Нет, не хочется выглядеть профаном. К тому же он и сам догадывается, что к чему.
А тётка в окне — просто жуть! И хотя насчёт шрамов от порезов, он, не исключается, и погорячился…Но во всём остальном… Нет, не пойдёт он больше к дому у оврага. И брата отговорит. Как? Да просто скажет, что ему со страху почудилось всё. И тётка была обычная. Просто хозяйке дома не понравилось, как они используют её калитку. Не поназначению используют. Он так и скажет Раулю. Он ведь хоть и младше, но тоже умные слова знает. Во как!
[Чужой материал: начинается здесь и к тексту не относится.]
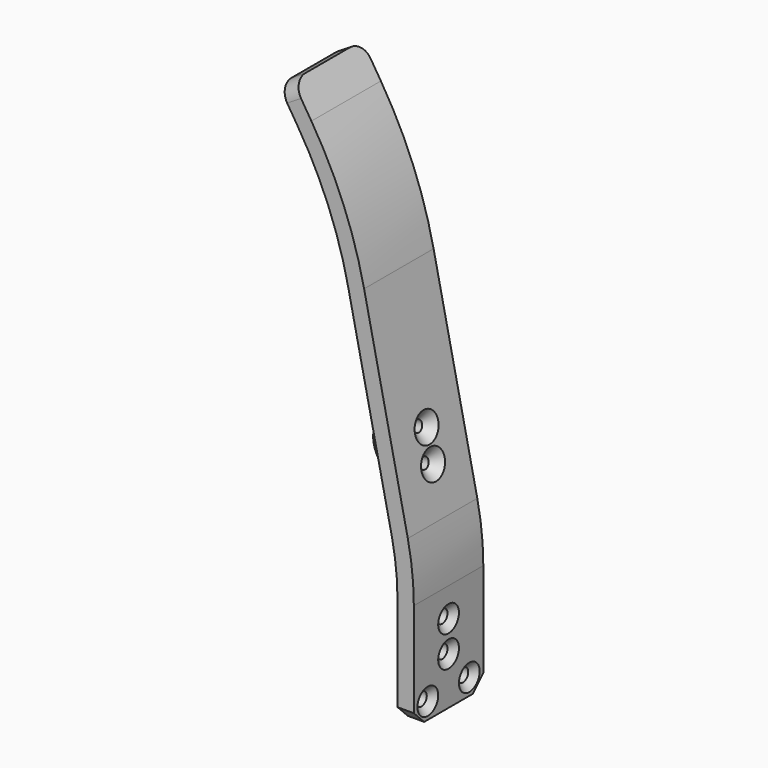
from build123d import *

# Parameters (mm, degrees)
F1_DEPTH        = 33.5
F2_R            = 6
F5_SIZE         = 5
F6_D            = 5.1
F6_CSINK_D      = 10
F6_CSINK_ANGLE  = 90
F7_W            = 8
F7_H            = 25
F8_DEPTH        = 12.5
F9_R            = 12.49999
F12_D           = 4.2
F12_DEPTH       = 13
F12_CSINK_D     = 11.2
F12_CSINK_ANGLE = 90
F12_TIP         = 1.2618073


# Not quite as in the source:
# - a fillet or chamfer is up to 0.001 mm smaller than in the source, because OpenCascade refuses the exact size


with BuildPart() as f1:
    # F0 (on Front) → F1 (new body)
    with BuildSketch(Plane.XZ):
        with BuildLine():
            Line((0, -25.4421804936), (0, -66.931756967))
            Line((0, -66.931756967), (6.3, -66.931756967))
            Line((6.3, -66.931756967), (6.3, -25.4421804936))
            ThreePointArc((6.3, -25.4421804936), (5.7176774776, -14.3308048482), (3.977089958, -3.3411677597))
            Line((3.977089958, -3.3411677597), (-12.8721835275, 75.928431603))
            ThreePointArc((-12.8721835275, 75.928431603), (-20.8378170534, 101.9828448791), (-33.2067360929, 126.2582153279))
            Line((-33.2067360929, 126.2582153279), (-40.38764708, 137.7500751305))
            Line((-40.38764708, 137.7500751305), (-45.7303500858, 134.4115837658))
            Line((-45.7303500858, 134.4115837658), (-38.5494390987, 122.9197239632))
            ThreePointArc((-38.5494390987, 122.9197239632), (-26.6790753372, 99.6228233406), (-19.0345134121, 74.6185879509))
            Line((-19.0345134121, 74.6185879509), (-2.1852399266, -4.6510114118))
            ThreePointArc((-2.1852399266, -4.6510114118), (-0.5478104632, -14.9893341668), (0, -25.4421804936))
        make_face()
    extrude(amount=F1_DEPTH)

    # F2
    f2_edges = [f1.edges().sort_by_distance(p)[0] for p in [
        (-43.058999, -33.5, 136.080829),
        (-43.058999, 0, 136.080829),
    ]]
    fillet(f2_edges, radius=F2_R)

    # F5
    f5_edges = [f1.edges().sort_by_distance(p)[0] for p in [
        (3.15, -33.5, -66.931757),
        (3.15, 0, -66.931757),
    ]]
    chamfer(f5_edges, length=F5_SIZE)

    # F6 (through all)
    with Locations(Plane.YZ.offset(6.3)):
        with Locations((-16.75, -36.631756967), (-16.75, -48.631756967), (-26.75, -60.631756967), (-6.75, -60.631756967)):
            CounterSinkHole(F6_D / 2, F6_CSINK_D / 2, counter_sink_angle=F6_CSINK_ANGLE)

    # F7 (on face) → F8 (join)
    with BuildSketch(Plane(origin=(-3.036646352, 0, -0.6454591076), x_dir=(0, -1, 0), z_dir=(-0.9781476007, 0, -0.2079116908))):
        with Locations((16.75, 19.5)):
            Rectangle(F7_W, F7_H)
    extrude(amount=F8_DEPTH)

    # F9 (radius 12.5 in the source; OpenCascade refuses exactly that, so slightly less here)
    f9_edges = [f1.edges().sort_by_distance(p)[0] for p in [
        (-16.718873, -16.75, 3.602678),
        (-21.916665, -16.75, 28.056368),
    ]]
    fillet(f9_edges, radius=F9_R)

    # F12
    with Locations(Plane(origin=(3.1256835326, 0, 0.6643845446), x_dir=(0, -1, 0), z_dir=(0.9781476007, 0, 0.2079116908))):
        with Locations((16.75, -25.5), (16.75, -13.5)):
            CounterSinkHole(F12_D / 2, F12_CSINK_D / 2, depth=F12_DEPTH, counter_sink_angle=F12_CSINK_ANGLE)
            with Locations((0, 0, -(F12_DEPTH + F12_TIP / 2))):  # 118° drill point
                Cone(0, F12_D / 2, F12_TIP, mode=Mode.SUBTRACT)


solid = f1.part
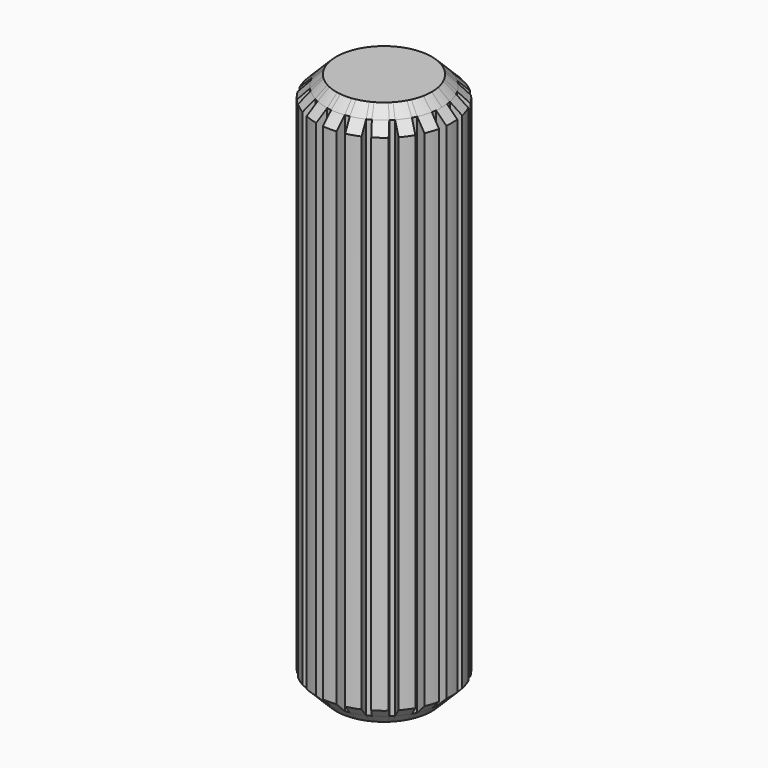
from build123d import *

# Parameters (mm, degrees)
F1_DEPTH = 20
F2_SIZE  = 0.75
F3_DEPTH = 19.25
F4_SIZE  = 0.74999
F5_COUNT = 20


# Not quite as in the source:
# - a fillet or chamfer is up to 0.001 mm smaller than in the source, because OpenCascade refuses the exact size


with BuildPart() as f1:
    # F0 (on Top) → F1 (new body, symmetric)
    with BuildSketch(Plane.XY):
        with BuildLine():
            ThreePointArc((4.25, 0), (3.1770662568, 2.8228974477), (0.5, 4.220485754))
            Line((0.5, 4.220485754), (0.5, 0))
            ThreePointArc((0.5, 0), (0, -0.5), (-0.5, 0))
            Line((-0.5, 0), (-0.5, 4.220485754))
            ThreePointArc((-0.5, 4.220485754), (-2.8228974477, -3.1770662568), (4.25, 0))
        make_face()
        with BuildLine():
            ThreePointArc((-0.5, 0), (0, -0.5), (0.5, 0))
            ThreePointArc((0.5, 0), (0, 0.5), (-0.5, 0))
        make_face()
        with BuildLine():
            Line((0.5, 0), (0.5, 4.220485754))
            ThreePointArc((0.5, 4.220485754), (0, 4.25), (-0.5, 4.220485754))
            Line((-0.5, 4.220485754), (-0.5, 0))
            ThreePointArc((-0.5, 0), (0, 0.5), (0.5, 0))
        make_face()
    extrude(amount=F1_DEPTH, both=True)

    # F2
    f2_edges = [f1.edges().sort_by_distance(p)[0] for p in [
        (-0.5, -4.220486, 20),
        (-0.5, -4.220486, -20),
    ]]
    chamfer(f2_edges, length=F2_SIZE)

    # F0 (on Top) → F3 (join, symmetric)
    with BuildSketch(Plane.XY):
        with BuildLine():
            Line((0.5, 4.220485754), (0.5, 4.9749371855))
            ThreePointArc((0.5, 4.9749371855), (0, 5), (-0.5, 4.9749371855))
            Line((-0.5, 4.9749371855), (-0.5, 4.220485754))
            ThreePointArc((-0.5, 4.220485754), (0, 4.25), (0.5, 4.220485754))
        make_face()
    extrude(amount=F3_DEPTH, both=True)

    # F4 (size 0.75 in the source; OpenCascade refuses exactly that, so slightly less here)
    f4_edges = [f1.edges().sort_by_distance(p)[0] for p in [
        (0, 5, 19.25),
        (0, 5, -19.25),
    ]]
    chamfer(f4_edges, length=F4_SIZE)

    # F5: F1 ×20 about axis
    f5_axis = Axis((0, 0, 0), (0, 0, 1))


with BuildPart() as f1_1:
    add(f1.part)
    for i in range(1, F5_COUNT):
        add(f1.part.rotate(f5_axis, i * 360 / F5_COUNT))


solid = f1_1.part
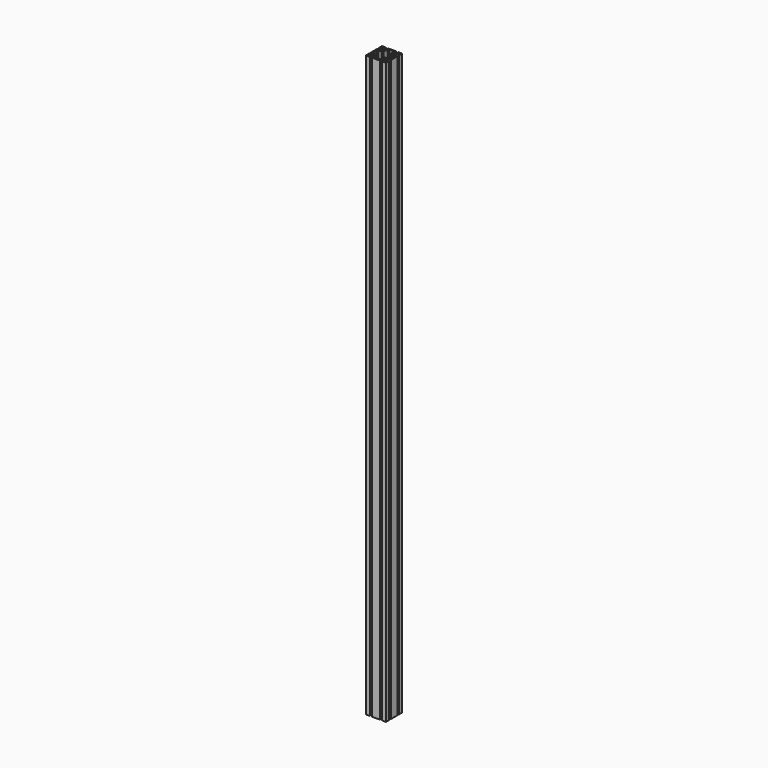
from build123d import *

# Parameters (mm, degrees)
F0_R     = 3
F0_R_2   = 2.5
F1_DEPTH = 1724
F2_R     = 2
F3_R     = 7


# Not quite as in the source:
# - a feature names something its author has since deleted; it is built from what else it names


with BuildPart() as f1:
    # F0 (on Top) → F1 (new body)
    with BuildSketch(Plane.XY):
        with BuildLine():
            Line((18.15, -30), (30, -30))
            Line((30, -30), (30, -18.15))
            Line((30, -18.15), (27.5, -18.15))
            Line((27.5, -18.15), (27.5, -20.15))
            Line((27.5, -20.15), (21.5477069044, -20.15))
            ThreePointArc((21.5477069044, -20.15), (19.5, -15), (21.5477069044, -9.85))
            Line((21.5477069044, -9.85), (27.5, -9.85))
            Line((27.5, -9.85), (27.5, -11.85))
            Line((27.5, -11.85), (30, -11.85))
            Line((30, -11.85), (30, 11.85))
            Line((30, 11.85), (27.5, 11.85))
            Line((27.5, 11.85), (27.5, 9.85))
            Line((27.5, 9.85), (21.5477069044, 9.85))
            ThreePointArc((21.5477069044, 9.85), (19.5, 15), (21.5477069044, 20.15))
            Line((21.5477069044, 20.15), (27.5, 20.15))
            Line((27.5, 20.15), (27.5, 18.15))
            Line((27.5, 18.15), (30, 18.15))
            Line((30, 18.15), (30, 30))
            Line((30, 30), (18.15, 30))
            Line((18.15, 30), (18.15, 27.5))
            Line((18.15, 27.5), (20.15, 27.5))
            Line((20.15, 27.5), (20.15, 21.5477069044))
            ThreePointArc((20.15, 21.5477069044), (15, 19.5), (9.85, 21.5477069044))
            Line((9.85, 21.5477069044), (9.85, 27.5))
            Line((9.85, 27.5), (11.85, 27.5))
            Line((11.85, 27.5), (11.85, 30))
            Line((11.85, 30), (-11.85, 30))
            Line((-11.85, 30), (-11.85, 27.5))
            Line((-11.85, 27.5), (-9.85, 27.5))
            Line((-9.85, 27.5), (-9.85, 21.5477069044))
            ThreePointArc((-9.85, 21.5477069044), (-15, 19.5), (-20.15, 21.5477069044))
            Line((-20.15, 21.5477069044), (-20.15, 27.5))
            Line((-20.15, 27.5), (-18.15, 27.5))
            Line((-18.15, 27.5), (-18.15, 30))
            Line((-18.15, 30), (-30, 30))
            Line((-30, 30), (-30, 18.15))
            Line((-30, 18.15), (-27.5, 18.15))
            Line((-27.5, 18.15), (-27.5, 20.15))
            Line((-27.5, 20.15), (-21.5477069044, 20.15))
            ThreePointArc((-21.5477069044, 20.15), (-19.5, 15), (-21.5477069044, 9.85))
            Line((-21.5477069044, 9.85), (-27.5, 9.85))
            Line((-27.5, 9.85), (-27.5, 11.85))
            Line((-27.5, 11.85), (-30, 11.85))
            Line((-30, 11.85), (-30, -11.85))
            Line((-30, -11.85), (-27.5, -11.85))
            Line((-27.5, -11.85), (-27.5, -9.85))
            Line((-27.5, -9.85), (-21.5477069044, -9.85))
            ThreePointArc((-21.5477069044, -9.85), (-19.5, -15), (-21.5477069044, -20.15))
            Line((-21.5477069044, -20.15), (-27.5, -20.15))
            Line((-27.5, -20.15), (-27.5, -18.15))
            Line((-27.5, -18.15), (-30, -18.15))
            Line((-30, -18.15), (-30, -30))
            Line((-30, -30), (-18.15, -30))
            Line((-18.15, -30), (-18.15, -27.5))
            Line((-18.15, -27.5), (-20.15, -27.5))
            Line((-20.15, -27.5), (-20.15, -21.5477069044))
            ThreePointArc((-20.15, -21.5477069044), (-15, -19.5), (-9.85, -21.5477069044))
            Line((-9.85, -21.5477069044), (-9.85, -27.5))
            Line((-9.85, -27.5), (-11.85, -27.5))
            Line((-11.85, -27.5), (-11.85, -30))
            Line((-11.85, -30), (11.85, -30))
            Line((11.85, -30), (11.85, -27.5))
            Line((11.85, -27.5), (9.85, -27.5))
            Line((9.85, -27.5), (9.85, -21.5477069044))
            ThreePointArc((9.85, -21.5477069044), (15, -19.5), (20.15, -21.5477069044))
            Line((20.15, -21.5477069044), (20.15, -27.5))
            Line((20.15, -27.5), (18.15, -27.5))
            Line((18.15, -27.5), (18.15, -30))
        make_face()
        with Locations((-25, -25)):
            Circle(F0_R, mode=Mode.SUBTRACT)
        with Locations((-15, -15)):
            Circle(F0_R_2, mode=Mode.SUBTRACT)
        with Locations((25, -25)):
            Circle(F0_R, mode=Mode.SUBTRACT)
        with Locations((15, -15)):
            Circle(F0_R_2, mode=Mode.SUBTRACT)
        with Locations((-25, 25)):
            Circle(F0_R, mode=Mode.SUBTRACT)
        with Locations((-15, 15)):
            Circle(F0_R_2, mode=Mode.SUBTRACT)
        Polygon((-7, 22), (-7, 27.5), (0, 27.5), (7, 27.5), (7, 22), (10, 16), (10, 10), (16, 10), (22, 7), (27.5, 7), (27.5, 0), (27.5, -7), (22, -7), (16, -10), (10, -10), (10, -16), (7, -22), (7, -27.5), (0, -27.5), (-7, -27.5), (-7, -22), (-10, -16), (-10, -10), (-16, -10), (-22, -7), (-27.5, -7), (-27.5, 0), (-27.5, 7), (-22, 7), (-16, 10), (-10, 10), (-10, 16), align=None, mode=Mode.SUBTRACT)
        with Locations((15, 15)):
            Circle(F0_R_2, mode=Mode.SUBTRACT)
        with Locations((25, 25)):
            Circle(F0_R, mode=Mode.SUBTRACT)
    extrude(amount=F1_DEPTH)

    # F2
    f2_edges = [f1.edges().sort_by_distance(p)[0] for p in [
        (-7, 27.5, 862),
        (7, 27.5, 862),
    ]]
    fillet(f2_edges, radius=F2_R)

    # F3
    f3_edges = [f1.edges().sort_by_distance(p)[0] for p in [
        (-10, 16, 862),
        (10, 16, 862),
    ]]
    fillet(f3_edges, radius=F3_R)


solid = f1.part

В то время, как младшие Дамировы, осваивали новые жизненные пространства в Лопуховке, Вилен Владимирович предпринимал героические попытки выжать из изоляции всё возможное.
«Каждый день этот разноглазый пёсик (один глаз-карий, другой-голубой) выскакивал из подъезда и нёсся по двору, прочитывая собачьи послания и оставляя свои».
Похоже, я начинаю выражаться в художественном стиле, — подумал Вилен Владимирович, перечитывая сделанную запись. Она касалась той самой собаки, которая не лаяла. Как говорится, лыко-мочало, начинай сначала.
Шла вторая неделя изоляции. А судьба Капы и её внучки по-прежнему оставалась предметом тяжких дум Адаева. Знай его жена об этом, непременно выдала бы диагноз: «Невроз навязчивых состояний». Но дело в том, что Веру Адаеву мобилизовали на борьбу с «короной». Позвонили из здравотдела и сказали:
— Выручай, Вера Павловна, по старой дружбе!
Правда, послали её не в самое пекло. А в обычную больницу, где наметилась острая нехватка медсестёр.
Оставшись один, Адаев и вовсе затосковал. И как всегда в подобных случаях, попытался уйти с головой в работу. То есть снова и снова методично изучал материалы дела Греты Тунберг. К исходу трёх дней этих пустых хлопот, в голове его зародилось сомнение. Оно касалось мотива серии нападений.
Просто Капитолина Шульпякина и её гражданский муж Геннадий Мякушев с юности отличались прагматичностью и рациональностью мышления и ни о какой экологии не помышляли. С чего бы такой резкий разворот в личностной мотивации женщины?
Всю свою молодость Капля, которая точит камень, (она себя так сама называла) положила на предприятие, где идеи журналистов с бумаги переносились на металлические пластинки, а руки метранпажа, вооружённые шилом, укладывали в столбцы. Это по её инициативе типография «Искра» перешла на офсетный способ печати. Геннадий-тогда директор и Капитолина- его заместитель не пускали денежки на личные потребности, а умело инвестировали в полиграфический бизнес. Так что «Искра» с полным на то осваиванием могла быть переименована в «Пламя». И надо сказать, что горело оно мощно. Вплоть до той аварии на дороге, в результат которой Геннадий отправился к праотцам, а его спутница, соратница и подруга на больничную койку.